[Available data — start]
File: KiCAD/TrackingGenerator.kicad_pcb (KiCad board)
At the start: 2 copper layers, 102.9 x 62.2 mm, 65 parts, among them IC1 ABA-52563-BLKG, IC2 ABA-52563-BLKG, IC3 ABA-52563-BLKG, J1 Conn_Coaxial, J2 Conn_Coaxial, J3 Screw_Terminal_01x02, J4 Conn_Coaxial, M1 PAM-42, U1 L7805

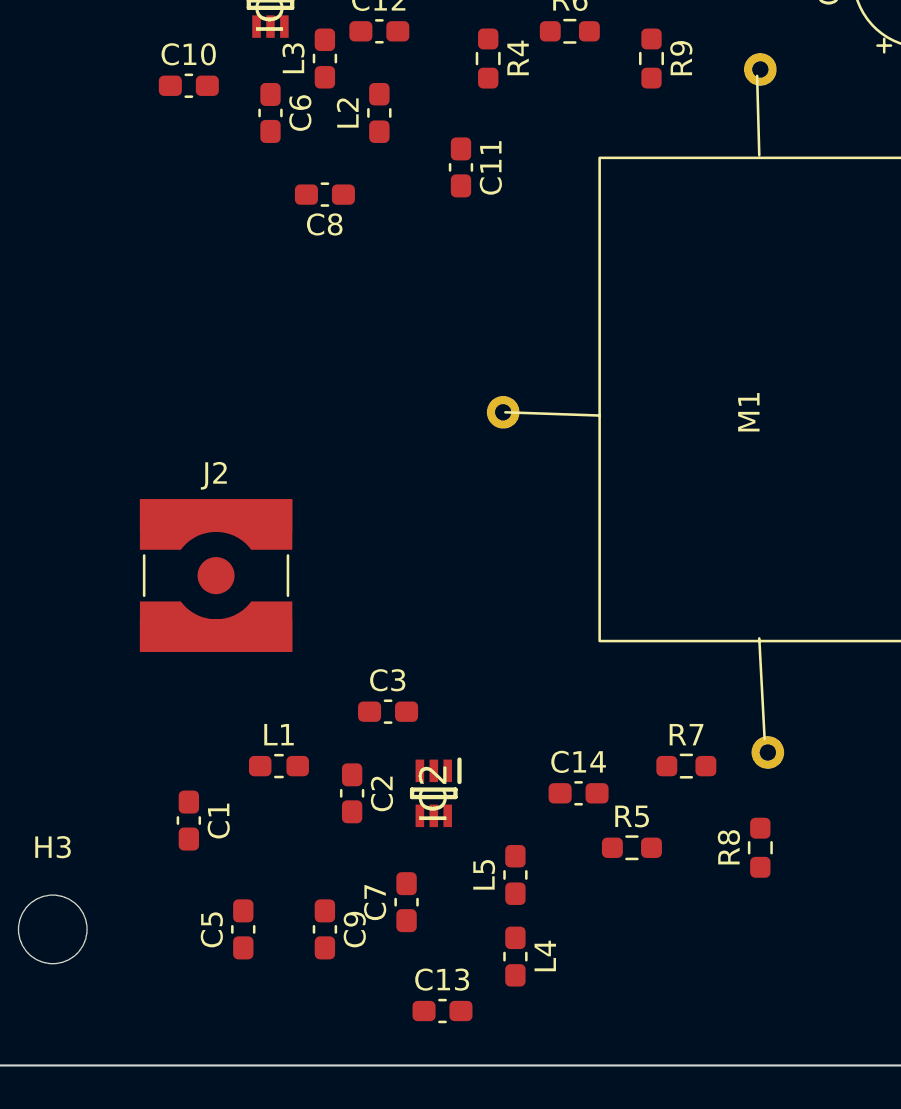
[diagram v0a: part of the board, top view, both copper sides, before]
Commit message: Changes to use LC7628 stackup
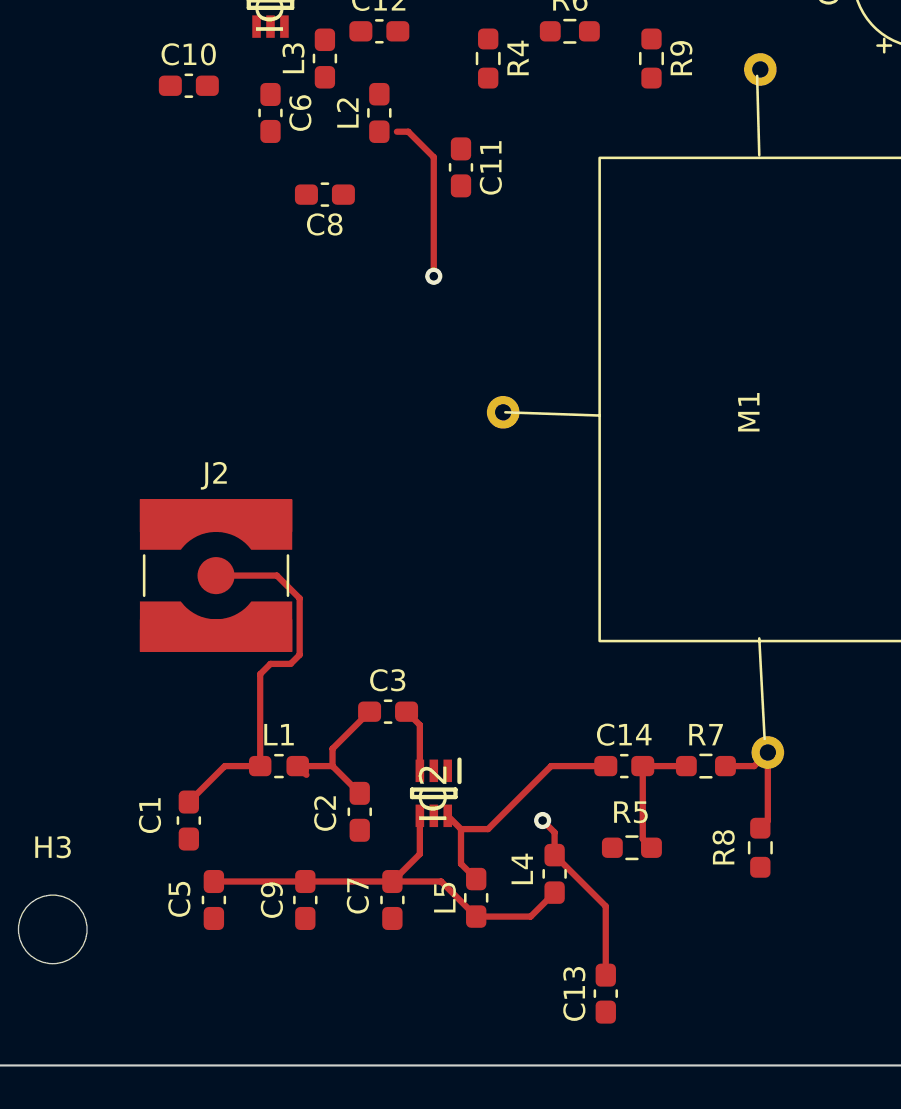
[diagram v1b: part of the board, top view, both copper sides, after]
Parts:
- moved C13 7.66 mm to (93.1, 136.3), turned to 90 degrees
- moved L4 4.27 mm to (90.7, 130.8)
- moved C14 2.48 mm to (94.0, 125.7)
- moved L5 2.12 mm to (87.1, 131.9)
- moved C5 1.94 mm to (74.8, 132.0), turned to -90 degrees
- moved C9 1.65 mm to (79.1, 132.0), turned to 90 degrees
- moved C2 0.93 mm to (81.6, 127.9)
- moved R7 0.91 mm to (97.8, 125.7)
- moved C7 0.67 mm to (83.2, 132.0), turned to -90 degrees
- turned R5 to 180 degrees
- turned R8 to -90 degrees
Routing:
- net +5V: track 0.00 -> 43.7 mm, vias 0 -> 1
- net Net-(C5-Pad1): track 0.00 -> 20.6 mm
- net Net-(C1-Pad1): track 0.00 -> 17.5 mm
- net Net-(C14-Pad1): track 0.00 -> 11.5 mm
- net Net-(C2-Pad1): track 0.00 -> 7.26 mm
- net Net-(C14-Pad2): track 0.00 -> 6.01 mm
- net Net-(R7-Pad2): track 0.00 -> 5.92 mm
- net Net-(C3-Pad2): track 0.00 -> 3.02 mm
- net (no net): vias 0 -> 1
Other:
- copper layers 2 -> 4

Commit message: More routing work
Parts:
- J1, J2, J4: footprint Connector_Coaxial:SMA_Amphenol_132134-10_Vertical -> Connector_Coaxial:SMA_Amphenol_132289_EdgeMount
- moved H3 23.7 mm to (85.1, 117.7)
- moved J3 21.3 mm to (139.6, 88.3), turned to 0 degrees
- moved R13 10.8 mm to (141.7, 97.1)
- moved H2 10.6 mm to (149.7, 88.0)
- moved H4 10.1 mm to (148.7, 133.1)
- moved H1 8.83 mm to (75.9, 80.5)
- moved J1 8.16 mm to (90.3, 80.6), turned to 90 degrees
- moved J4 6.02 mm to (151.4, 120.4)
- moved IC3 5.59 mm to (130.6, 112.2)
- moved C26 5.41 mm to (141.5, 114.9), turned to 90 degrees
- moved L7 5.30 mm to (133.1, 117.3)
- moved C24 5.06 mm to (128.3, 122.5)
- moved C25 5.03 mm to (138.5, 111.7)
- moved C20 4.88 mm to (138.6, 122.1)
- moved L8 4.57 mm to (138.9, 116.8)
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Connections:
- H1 pad : GNDPWR -> (no net)
- H2 pad : GNDPWR -> (no net)
- H3 pad : GNDPWR -> (no net)
- H4 pad : GNDPWR -> (no net)
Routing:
- net +5V: track 43.7 -> 15.8 mm, vias 1 -> 3
- net Net-(J4-Pad1): track 0.00 -> 16.9 mm
- net Net-(J1-Pad1): track 0.00 -> 9.68 mm
- net Net-(M1-Pad1): track 0.00 -> 8.71 mm
- net Net-(M1-Pad4): track 0.00 -> 6.43 mm
- net Net-(C15-Pad2): track 0.00 -> 3.05 mm
- net Net-(C1-Pad1): track 17.5 -> 19.2 mm
- net GNDPWR: track 0.00 -> 1.62 mm
- net (no net): vias 1 -> 0
- added copper zone on In1.Cu, net +5V
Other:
- board size 102.9 x 62.2 mm -> 84.4 x 60.3 mm

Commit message: Add more routing
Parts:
- moved H1 1.75 mm to (74.4, 81.3)
- moved J2 1.39 mm to (73.5, 116.9)
- moved L8 0.99 mm to (138.0, 117.0), turned to 90 degrees
- turned C12 to 180 degrees
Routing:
- net Net-(C22-Pad1): track 0.00 -> 25.2 mm
- net Net-(C19-Pad1): track 0.00 -> 18.9 mm
- net Net-(C10-Pad2): track 0.00 -> 18.1 mm
- net Net-(C25-Pad1): track 0.00 -> 15.4 mm
- net Net-(C16-Pad1): track 0.00 -> 13.6 mm
- net Net-(C25-Pad2): track 0.00 -> 10.7 mm
- net Net-(C17-Pad2): track 0.00 -> 9.29 mm
- net Net-(C4-Pad1): track 0.00 -> 9.22 mm
- net Net-(C15-Pad2): track 3.05 -> 12.1 mm
- net +12V: track 0.00 -> 8.98 mm
- net GNDPWR: track 1.62 -> 9.52 mm
- net Net-(C12-Pad1): track 0.00 -> 7.41 mm
- net +5V: track 15.8 -> 22.0 mm
- net Net-(C12-Pad2): track 0.00 -> 3.99 mm
- net Net-(C4-Pad2): track 0.00 -> 2.85 mm
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- added copper zone on In2.Cu, net +5V
- added copper zone on B.Cu, net GNDPWR
- added copper zone on F.Cu, net GNDPWR
- added copper zone on In1.Cu, net GNDPWR
- removed copper zone on In1.Cu, net +5V

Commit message: Further updates
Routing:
- net GNDPWR: track 9.52 -> 15.8 mm
- net Net-(C2-Pad1): track 7.26 -> 6.68 mm
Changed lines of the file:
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@@
   )
   (gr_rect (start 70.2564 77.47) (end 154.6352 137.7696) (layer "Edge.Cuts") (width 0.1) (fill none))
+  (segment (start 77.47 89.12) (end 77.47 91.22) (width 0.29337) (layer "F.Cu") (net 1))
+  (segment (start 130.556 113.027796) (end 130.659804 113.1316) (width 0.29337) (layer "F.Cu") (net 1))
   (segment (start 113.03 92.3025) (end 119.38 85.9525) (width 0.25) (layer "F.Cu") (net 1))
   (segment (start 119.38 85.9525) (end 119.38 85.415) (width 0.25) (layer "F.Cu") (net 1))
+  (segment (start 130.556 111.1164) (end 130.556 113.027796) (width 0.29337) (layer "F.Cu") (net 1))
+  (segment (start 85.09 125.95) (end 85.09 128.05) (width 0.29337) (layer "F.Cu") (net 1))
   (segment (start 73.66 127.4075) (end 75.3375 125.73) (width 0.29337) (layer "F.Cu") (net 2))
   (segment (start 76.72 116.84) (end 78.902498 119.022498) (width 0.29337) (layer "F.Cu") (net 2))
@@
   (segment (start 78.902498 119.022498) (end 78.902498 123.817502) (width 0.29337) (layer "F.Cu") (net 2))
   (segment (start 75.3375 125.73) (end 76.99 125.73) (width 0.29337) (layer "F.Cu") (net 2))
-  (segment (start 79.1475 126.1375) (end 78.74 125.73) (width 0.29337) (layer "F.Cu") (net 3))
   (segment (start 80.3645 125.73) (end 80.3645 124.9205) (width 0.29337) (layer "F.Cu") (net 3))
   (segment (start 80.3645 124.9205) (end 82.095 123.19) (width 0.29337) (layer "F.Cu") (net 3))
@@
   (segment (start 91.1227 129.8842) (end 90.7288 129.8842) (width 0.29337) (layer "F.Cu") (net 9))
   (segment (start 84.8246 96.125) (end 84.836 96.1136) (width 0.29337) (layer "F.Cu") (net 9))
-  (via micro (at 130.4036 120.3452) (size 0.8) (drill 0.4) (layers "F.Cu" "In2.Cu") (remove_unused_layers) (free) (net 9))
-  (via micro (at 84.836 96.1136) (size 0.8) (drill 0.4) (layers "F.Cu" "In2.Cu") (remove_unused_layers) (free) (net 9))
+  (via micro (at 130.4036 120.3452) (size 0.8) (drill 0.4) (layers "F.Cu" "In2.Cu") (remove_unused_layers) (keep_end_layers) (free) (net 9))
+  (via blind (at 84.836 96.1136) (size 0.8) (drill 0.4) (layers "F.Cu" "In2.Cu") (remove_unused_layers) (free) (net 9))
   (via micro (at 90.17 128.27) (size 0.8) (drill 0.4) (layers "F.Cu" "In2.Cu") (remove_unused_layers) (free) (net 9))
   (segment (start 80.01 91.835) (end 81.2925 91.835) (width 0.25) (layer "F.Cu") (net 10))
@@
   (segment (start 115.57 109.5775) (end 118.11 109.5775) (width 0.29337) (layer "F.Cu") (net 26))
   (zone (net 1) (net_name "GNDPWR") (layer "F.Cu") (hatch edge 0.508)
-    (connect_pads (clearance 0.508))
+    (connect_pads yes (clearance 0.508))
     (min_thickness 0.254) (filled_areas_thickness no)
     (fill yes (thermal_gap 0.508) (thermal_bridge_width 0.508))
@@
   )
   (zone (net 1) (net_name "GNDPWR") (layer "In1.Cu") (hatch edge 0.508)
-    (connect_pads (clearance 0.508))
+    (connect_pads yes (clearance 0.508))
     (min_thickness 0.254) (filled_areas_thickness no)
     (fill yes (thermal_gap 0.508) (thermal_bridge_width 0.508))
@@
   )
   (zone (net 1) (net_name "GNDPWR") (layer "B.Cu") (hatch edge 0.508)
-    (connect_pads (clearance 0.508))
+    (connect_pads yes (clearance 0.508))
     (min_thickness 0.254) (filled_areas_thickness no)
     (fill yes (thermal_gap 0.508) (thermal_bridge_width 0.508))

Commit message: New Branch for Richard's Ideas
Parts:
- moved C16 11.3 mm to (127.8, 110.1)
- moved J4 9.11 mm to (151.9, 111.3)
- moved C17 8.81 mm to (130.7, 109.2), turned to 0 degrees
- moved C15 7.73 mm to (122.2, 110.1)
- moved L6 7.30 mm to (125.0, 109.2)
- moved C26 6.84 mm to (137.3, 109.5), turned to 0 degrees
- moved R16 5.37 mm to (145.6, 112.2)
- moved C24 5.08 mm to (131.9, 118.9), turned to 0 degrees
- moved C19 4.94 mm to (138.3, 118.0)
- moved C20 4.62 mm to (136.5, 118.0)
- moved R15 4.53 mm to (142.8, 111.2)
- moved C18 4.45 mm to (130.7, 107.4), turned to 0 degrees
- moved IC3 4.10 mm to (134.2, 110.2)
- moved C21 4.09 mm to (132.4, 114.0)
- moved R14 3.44 mm to (140.2, 112.2)
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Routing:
- net Net-(C22-Pad1): track 25.2 -> 0.00 mm
- net Net-(C5-Pad1): track 20.6 -> 0.00 mm
- net Net-(C10-Pad2): track 18.1 -> 0.00 mm
- net +5V: track 22.0 -> 5.06 mm, vias 3 -> 2
- net Net-(C1-Pad1): track 16.4 -> 0.00 mm
- net Net-(C14-Pad1): track 11.5 -> 0.00 mm
- net GNDPWR: track 15.8 -> 5.93 mm, vias 0 -> 127
- net Net-(J1-Pad1): track 9.68 -> 0.00 mm
- net Net-(C4-Pad1): track 9.22 -> 0.00 mm
- net +12V: track 8.98 -> 0.00 mm
- net Net-(M1-Pad1): track 8.71 -> 0.00 mm
- net Net-(J4-Pad1): track 16.9 -> 8.38 mm
- net Net-(C16-Pad1): track 13.6 -> 5.76 mm
- net Net-(C25-Pad1): track 15.4 -> 7.71 mm
- net Net-(C12-Pad1): track 7.41 -> 0.00 mm
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
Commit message: Further work compacting and tidying
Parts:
- moved J1 20.9 mm to (73.2, 92.7), turned to 180 degrees
- moved C13 19.1 mm to (88.0, 115.5)
- moved C9 18.0 mm to (86.3, 115.5), turned to -90 degrees
- moved C10 17.4 mm to (86.2, 81.9), turned to -90 degrees
- moved C5 16.9 mm to (86.3, 119.5)
- moved C11 16.4 mm to (93.9, 83.2), turned to 0 degrees
- moved H3 15.7 mm to (80.9, 132.8)
- moved R1 14.5 mm to (77.1, 93.6)
- moved C8 13.8 mm to (83.5, 85.8), turned to -90 degrees
- moved C7 13.5 mm to (88.2, 119.5)
- moved L4 13.0 mm to (89.9, 117.8)
- moved L2 13.0 mm to (89.2, 84.0), turned to -90 degrees
- moved C6 12.9 mm to (86.2, 85.8)
- moved L5 11.0 mm to (90.0, 121.3), turned to -90 degrees
- moved IC1 10.8 mm to (88.1, 92.1), turned to 0 degrees
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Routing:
- net +5V: track 5.06 -> 36.8 mm, vias 2 -> 3
- net Net-(C22-Pad1): track 0.00 -> 29.3 mm
- net Net-(C10-Pad2): track 0.00 -> 16.8 mm
- net Net-(C5-Pad1): track 0.00 -> 14.2 mm
- net +12V: track 0.00 -> 13.1 mm
- net Net-(C1-Pad1): track 0.00 -> 5.59 mm
- net Net-(J1-Pad1): track 0.00 -> 5.54 mm
- net Net-(C12-Pad2): track 0.00 -> 4.10 mm
- net Net-(C14-Pad1): track 0.00 -> 3.85 mm
- net Net-(M1-Pad1): track 0.00 -> 3.76 mm
- net Net-(C12-Pad1): track 0.00 -> 3.53 mm
- net Net-(M1-Pad3): track 0.00 -> 3.52 mm
- net Net-(C2-Pad1): track 0.00 -> 3.28 mm
- net Net-(C14-Pad2): track 0.00 -> 3.26 mm
- net Net-(C4-Pad1): track 0.00 -> 2.44 mm
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
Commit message: Further routing and stitching
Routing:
- net GNDPWR: track 5.93 -> 17.1 mm, vias 129 -> 258
[Available data — finish]
» **Exercise goal**
Look over the records. Copy the lines that include the word "vias".

» **Output for this task**
- net +5V: track 0.00 -> 43.7 mm, vias 0 -> 1
- net (no net): vias 0 -> 1
- net +5V: track 43.7 -> 15.8 mm, vias 1 -> 3
- net (no net): vias 1 -> 0
- net +5V: track 22.0 -> 5.06 mm, vias 3 -> 2
- net GNDPWR: track 15.8 -> 5.93 mm, vias 0 -> 127
- net +5V: track 5.06 -> 36.8 mm, vias 2 -> 3
- net GNDPWR: track 5.93 -> 17.1 mm, vias 129 -> 258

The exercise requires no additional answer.